▶ [Assignment]: Print the data below exactly, but only the lines from the one containing "#21=DIRECTION('',(0.,0.,-1.));" down to the one containing "#41=ORIENTED_EDGE('',*,*,#40,.F.);", inclusive.

▶ [Material for this task]:

^^^^

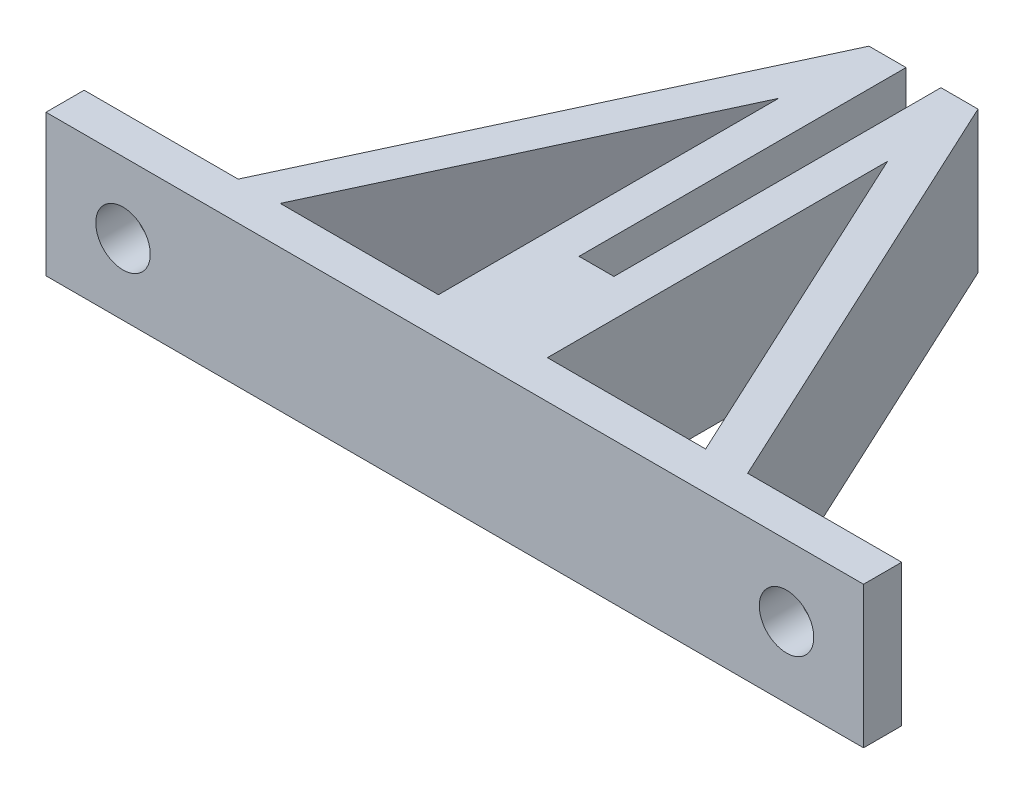
ISO-10303-21;
HEADER;
FILE_DESCRIPTION(('STEP AP214'),'2;1');
FILE_NAME('part.step','',(''),(''),'','','');
FILE_SCHEMA(('AUTOMOTIVE_DESIGN { 1 0 10303 214 1 1 1 1 }'));
ENDSEC;
DATA;
#1=APPLICATION_CONTEXT('core data for automotive mechanical design processes');
#2=APPLICATION_PROTOCOL_DEFINITION('international standard','automotive_design',2000,#1);
#3=PRODUCT_CONTEXT('',#1,'mechanical');
#4=PRODUCT('Part','Part','',(#3));
#5=PRODUCT_RELATED_PRODUCT_CATEGORY('part','',(#4));
#6=PRODUCT_DEFINITION_FORMATION('','',#4);
#7=PRODUCT_DEFINITION_CONTEXT('part definition',#1,'design');
#8=PRODUCT_DEFINITION('design','',#6,#7);
#9=PRODUCT_DEFINITION_SHAPE('','',#8);
#10=(LENGTH_UNIT() NAMED_UNIT(*) SI_UNIT(.MILLI.,.METRE.));
#11=(NAMED_UNIT(*) PLANE_ANGLE_UNIT() SI_UNIT($,.RADIAN.));
#12=(NAMED_UNIT(*) SI_UNIT($,.STERADIAN.) SOLID_ANGLE_UNIT());
#13=UNCERTAINTY_MEASURE_WITH_UNIT(LENGTH_MEASURE(1.E-05),#10,'distance_accuracy_value','');
#14=(GEOMETRIC_REPRESENTATION_CONTEXT(3) GLOBAL_UNCERTAINTY_ASSIGNED_CONTEXT((#13)) GLOBAL_UNIT_ASSIGNED_CONTEXT((#10,
#11,#12)) REPRESENTATION_CONTEXT('',''));
#15=CARTESIAN_POINT('',(0.,0.,0.));
#16=DIRECTION('',(0.,0.,1.));
#17=DIRECTION('',(1.,0.,0.));
#18=AXIS2_PLACEMENT_3D('',#15,#16,#17);
#19=CARTESIAN_POINT('',(-5.59907834101384,13.,0.));
#20=DIRECTION('',(1.,0.,0.));
#21=DIRECTION('',(0.,0.,-1.));
#22=AXIS2_PLACEMENT_3D('',#19,#20,#21);
#23=PLANE('',#22);
#24=DIRECTION('',(0.,0.,1.));
#25=VECTOR('',#24,1.);
#26=CARTESIAN_POINT('',(-5.59907834101384,0.,0.));
#27=LINE('',#26,#25);
#28=CARTESIAN_POINT('',(-5.59907834101385,0.,-7.22390748368882));
#29=VERTEX_POINT('',#28);
#30=CARTESIAN_POINT('',(-5.59907834101384,0.,23.9769585253456));
#31=VERTEX_POINT('',#30);
#32=EDGE_CURVE('E258',#29,#31,#27,.T.);
#33=ORIENTED_EDGE('',*,*,#32,.T.);
#34=DIRECTION('',(0.,-1.,0.));
#35=VECTOR('',#34,1.);
#36=CARTESIAN_POINT('',(-5.59907834101384,13.,23.9769585253456));
#37=LINE('',#36,#35);
#38=CARTESIAN_POINT('',(-5.59907834101384,13.,23.9769585253456));
#39=VERTEX_POINT('',#38);
#40=EDGE_CURVE('E11',#39,#31,#37,.T.);
#41=ORIENTED_EDGE('',*,*,#40,.F.);
#42=DIRECTION('',(0.,0.,1.));
#43=VECTOR('',#42,1.);
#44=CARTESIAN_POINT('',(-5.59907834101384,13.,0.));
#45=LINE('',#44,#43);
#46=CARTESIAN_POINT('',(-5.59907834101385,13.,-7.22390748368882));
#47=VERTEX_POINT('',#46);
#48=EDGE_CURVE('E223',#47,#39,#45,.T.);
#49=ORIENTED_EDGE('',*,*,#48,.F.);
#50=DIRECTION('',(0.,-1.,0.));
#51=VECTOR('',#50,1.);
#52=CARTESIAN_POINT('',(-5.59907834101385,13.,-7.22390748368882));
#53=LINE('',#52,#51);
#54=EDGE_CURVE('E261',#47,#29,#53,.T.);
#55=ORIENTED_EDGE('',*,*,#54,.T.);
#56=EDGE_LOOP('',(#33,#41,#49,#55));
#57=FACE_BOUND('',#56,.T.);
#58=ADVANCED_FACE('F35',(#57),#23,.F.);
#59=CARTESIAN_POINT('',(0.,13.,23.9769585253456));
#60=DIRECTION('',(0.,0.,-1.));
#61=DIRECTION('',(-1.,0.,0.));
#62=AXIS2_PLACEMENT_3D('',#59,#60,#61);
#63=PLANE('',#62);
#64=DIRECTION('',(1.,0.,0.));
#65=VECTOR('',#64,1.);
#66=CARTESIAN_POINT('',(0.,0.,23.9769585253456));
#67=LINE('',#66,#65);
#68=CARTESIAN_POINT('',(-20.1111090428903,0.,23.9769585253456));
#69=VERTEX_POINT('',#68);
#70=EDGE_CURVE('E182',#69,#31,#67,.T.);
#71=ORIENTED_EDGE('',*,*,#70,.F.);
#72=DIRECTION('',(0.,-1.,0.));
#73=VECTOR('',#72,1.);
#74=CARTESIAN_POINT('',(-20.1111090428903,13.,23.9769585253456));
#75=LINE('',#74,#73);
#76=CARTESIAN_POINT('',(-20.1111090428903,13.,23.9769585253456));
#77=VERTEX_POINT('',#76);
#78=EDGE_CURVE('E44',#77,#69,#75,.T.);
#79=ORIENTED_EDGE('',*,*,#78,.F.);
#80=DIRECTION('',(1.,0.,0.));
#81=VECTOR('',#80,1.);
#82=CARTESIAN_POINT('',(0.,13.,23.9769585253456));
#83=LINE('',#82,#81);
#84=EDGE_CURVE('E224',#77,#39,#83,.T.);
#85=ORIENTED_EDGE('',*,*,#84,.T.);
#86=ORIENTED_EDGE('',*,*,#40,.T.);
#87=EDGE_LOOP('',(#71,#79,#85,#86));
#88=FACE_BOUND('',#87,.T.);
#89=ADVANCED_FACE('F319',(#88),#63,.T.);
#90=CARTESIAN_POINT('',(-38.0990783410138,13.,0.));
#91=DIRECTION('',(-1.,0.,0.));
#92=DIRECTION('',(0.,0.,1.));
#93=AXIS2_PLACEMENT_3D('',#90,#91,#92);
#94=PLANE('',#93);
#95=DIRECTION('',(0.,0.,-1.));
#96=VECTOR('',#95,1.);
#97=CARTESIAN_POINT('',(-38.0990783410138,0.,0.));
#98=LINE('',#97,#96);
#99=CARTESIAN_POINT('',(-38.0990783410138,0.,27.4769585253456));
#100=VERTEX_POINT('',#99);
#101=CARTESIAN_POINT('',(-38.0990783410138,0.,23.9769585253456));
#102=VERTEX_POINT('',#101);
#103=EDGE_CURVE('E235',#100,#102,#98,.T.);
#104=ORIENTED_EDGE('',*,*,#103,.F.);
#105=DIRECTION('',(0.,-1.,0.));
#106=VECTOR('',#105,1.);
#107=CARTESIAN_POINT('',(-38.0990783410138,13.,27.4769585253456));
#108=LINE('',#107,#106);
#109=CARTESIAN_POINT('',(-38.0990783410138,13.,27.4769585253456));
#110=VERTEX_POINT('',#109);
#111=EDGE_CURVE('E264',#110,#100,#108,.T.);
#112=ORIENTED_EDGE('',*,*,#111,.F.);
#113=DIRECTION('',(0.,0.,-1.));
#114=VECTOR('',#113,1.);
#115=CARTESIAN_POINT('',(-38.0990783410138,13.,0.));
#116=LINE('',#115,#114);
#117=CARTESIAN_POINT('',(-38.0990783410138,13.,23.9769585253456));
#118=VERTEX_POINT('',#117);
#119=EDGE_CURVE('E189',#110,#118,#116,.T.);
#120=ORIENTED_EDGE('',*,*,#119,.T.);
#121=DIRECTION('',(0.,-1.,0.));
#122=VECTOR('',#121,1.);
#123=CARTESIAN_POINT('',(-38.0990783410138,13.,23.9769585253456));
#124=LINE('',#123,#122);
#125=EDGE_CURVE('E167',#118,#102,#124,.T.);
#126=ORIENTED_EDGE('',*,*,#125,.T.);
#127=EDGE_LOOP('',(#104,#112,#120,#126));
#128=FACE_BOUND('',#127,.T.);
#129=ADVANCED_FACE('F333',(#128),#94,.T.);
#130=CARTESIAN_POINT('',(0.,13.,27.4769585253456));
#131=DIRECTION('',(0.,0.,-1.));
#132=DIRECTION('',(-1.,0.,0.));
#133=AXIS2_PLACEMENT_3D('',#130,#131,#132);
#134=PLANE('',#133);
#135=CARTESIAN_POINT('',(29.8369681706141,6.5,27.4769585253456));
#136=DIRECTION('',(0.,0.,-1.));
#137=DIRECTION('',(-1.,0.,0.));
#138=AXIS2_PLACEMENT_3D('',#135,#136,#137);
#139=CIRCLE('',#138,2.5);
#140=CARTESIAN_POINT('',(27.3369681706141,6.5,27.4769585253456));
#141=VERTEX_POINT('',#140);
#142=EDGE_CURVE('E578',#141,#141,#139,.T.);
#143=ORIENTED_EDGE('',*,*,#142,.T.);
#144=EDGE_LOOP('',(#143));
#145=FACE_BOUND('',#144,.T.);
#146=CARTESIAN_POINT('',(-31.0351248526418,6.5,27.4769585253456));
#147=DIRECTION('',(0.,0.,-1.));
#148=DIRECTION('',(-1.,0.,0.));
#149=AXIS2_PLACEMENT_3D('',#146,#147,#148);
#150=CIRCLE('',#149,2.5);
#151=CARTESIAN_POINT('',(-33.5351248526418,6.5,27.4769585253456));
#152=VERTEX_POINT('',#151);
#153=EDGE_CURVE('E582',#152,#152,#150,.T.);
#154=ORIENTED_EDGE('',*,*,#153,.T.);
#155=EDGE_LOOP('',(#154));
#156=FACE_BOUND('',#155,.T.);
#157=DIRECTION('',(1.,0.,0.));
#158=VECTOR('',#157,1.);
#159=CARTESIAN_POINT('',(0.,0.,27.4769585253456));
#160=LINE('',#159,#158);
#161=CARTESIAN_POINT('',(36.9009216589862,0.,27.4769585253456));
#162=VERTEX_POINT('',#161);
#163=EDGE_CURVE('E238',#100,#162,#160,.T.);
#164=ORIENTED_EDGE('',*,*,#163,.T.);
#165=DIRECTION('',(0.,-1.,0.));
#166=VECTOR('',#165,1.);
#167=CARTESIAN_POINT('',(36.9009216589862,13.,27.4769585253456));
#168=LINE('',#167,#166);
#169=CARTESIAN_POINT('',(36.9009216589862,13.,27.4769585253456));
#170=VERTEX_POINT('',#169);
#171=EDGE_CURVE('E288',#170,#162,#168,.T.);
#172=ORIENTED_EDGE('',*,*,#171,.F.);
#173=DIRECTION('',(1.,0.,0.));
#174=VECTOR('',#173,1.);
#175=CARTESIAN_POINT('',(0.,13.,27.4769585253456));
#176=LINE('',#175,#174);
#177=EDGE_CURVE('E192',#110,#170,#176,.T.);
#178=ORIENTED_EDGE('',*,*,#177,.F.);
#179=ORIENTED_EDGE('',*,*,#111,.T.);
#180=EDGE_LOOP('',(#164,#172,#178,#179));
#181=FACE_BOUND('',#180,.T.);
#182=ADVANCED_FACE('F367',(#145,#156,#181),#134,.F.);
#183=CARTESIAN_POINT('',(36.9009216589862,13.,0.));
#184=DIRECTION('',(-1.,0.,0.));
#185=DIRECTION('',(0.,0.,1.));
#186=AXIS2_PLACEMENT_3D('',#183,#184,#185);
#187=PLANE('',#186);
#188=DIRECTION('',(0.,0.,-1.));
#189=VECTOR('',#188,1.);
#190=CARTESIAN_POINT('',(36.9009216589862,0.,0.));
#191=LINE('',#190,#189);
#192=CARTESIAN_POINT('',(36.9009216589862,0.,23.9769585253456));
#193=VERTEX_POINT('',#192);
#194=EDGE_CURVE('E241',#162,#193,#191,.T.);
#195=ORIENTED_EDGE('',*,*,#194,.T.);
#196=DIRECTION('',(0.,-1.,0.));
#197=VECTOR('',#196,1.);
#198=CARTESIAN_POINT('',(36.9009216589862,13.,23.9769585253456));
#199=LINE('',#198,#197);
#200=CARTESIAN_POINT('',(36.9009216589862,13.,23.9769585253456));
#201=VERTEX_POINT('',#200);
#202=EDGE_CURVE('E285',#201,#193,#199,.T.);
#203=ORIENTED_EDGE('',*,*,#202,.F.);
#204=DIRECTION('',(0.,0.,-1.));
#205=VECTOR('',#204,1.);
#206=CARTESIAN_POINT('',(36.9009216589862,13.,0.));
#207=LINE('',#206,#205);
#208=EDGE_CURVE('E195',#170,#201,#207,.T.);
#209=ORIENTED_EDGE('',*,*,#208,.F.);
#210=ORIENTED_EDGE('',*,*,#171,.T.);
#211=EDGE_LOOP('',(#195,#203,#209,#210));
#212=FACE_BOUND('',#211,.T.);
#213=ADVANCED_FACE('F363',(#212),#187,.F.);
#214=CARTESIAN_POINT('',(0.,13.,23.9769585253456));
#215=DIRECTION('',(0.,0.,1.));
#216=DIRECTION('',(1.,0.,0.));
#217=AXIS2_PLACEMENT_3D('',#214,#215,#216);
#218=PLANE('',#217);
#219=CARTESIAN_POINT('',(29.8369681706141,6.5,23.9769585253456));
#220=DIRECTION('',(0.,0.,-1.));
#221=DIRECTION('',(-1.,0.,0.));
#222=AXIS2_PLACEMENT_3D('',#219,#220,#221);
#223=CIRCLE('',#222,2.5);
#224=CARTESIAN_POINT('',(27.3369681706141,6.5,23.9769585253456));
#225=VERTEX_POINT('',#224);
#226=EDGE_CURVE('E575',#225,#225,#223,.T.);
#227=ORIENTED_EDGE('',*,*,#226,.F.);
#228=EDGE_LOOP('',(#227));
#229=FACE_BOUND('',#228,.T.);
#230=DIRECTION('',(-1.,0.,0.));
#231=VECTOR('',#230,1.);
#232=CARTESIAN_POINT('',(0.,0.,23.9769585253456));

^^^^

▶ [Solution]:
#21=DIRECTION('',(0.,0.,-1.));
#22=AXIS2_PLACEMENT_3D('',#19,#20,#21);
#23=PLANE('',#22);
#24=DIRECTION('',(0.,0.,1.));
#25=VECTOR('',#24,1.);
#26=CARTESIAN_POINT('',(-5.59907834101384,0.,0.));
#27=LINE('',#26,#25);
#28=CARTESIAN_POINT('',(-5.59907834101385,0.,-7.22390748368882));
#29=VERTEX_POINT('',#28);
#30=CARTESIAN_POINT('',(-5.59907834101384,0.,23.9769585253456));
#31=VERTEX_POINT('',#30);
#32=EDGE_CURVE('E258',#29,#31,#27,.T.);
#33=ORIENTED_EDGE('',*,*,#32,.T.);
#34=DIRECTION('',(0.,-1.,0.));
#35=VECTOR('',#34,1.);
#36=CARTESIAN_POINT('',(-5.59907834101384,13.,23.9769585253456));
#37=LINE('',#36,#35);
#38=CARTESIAN_POINT('',(-5.59907834101384,13.,23.9769585253456));
#39=VERTEX_POINT('',#38);
#40=EDGE_CURVE('E11',#39,#31,#37,.T.);
#41=ORIENTED_EDGE('',*,*,#40,.F.);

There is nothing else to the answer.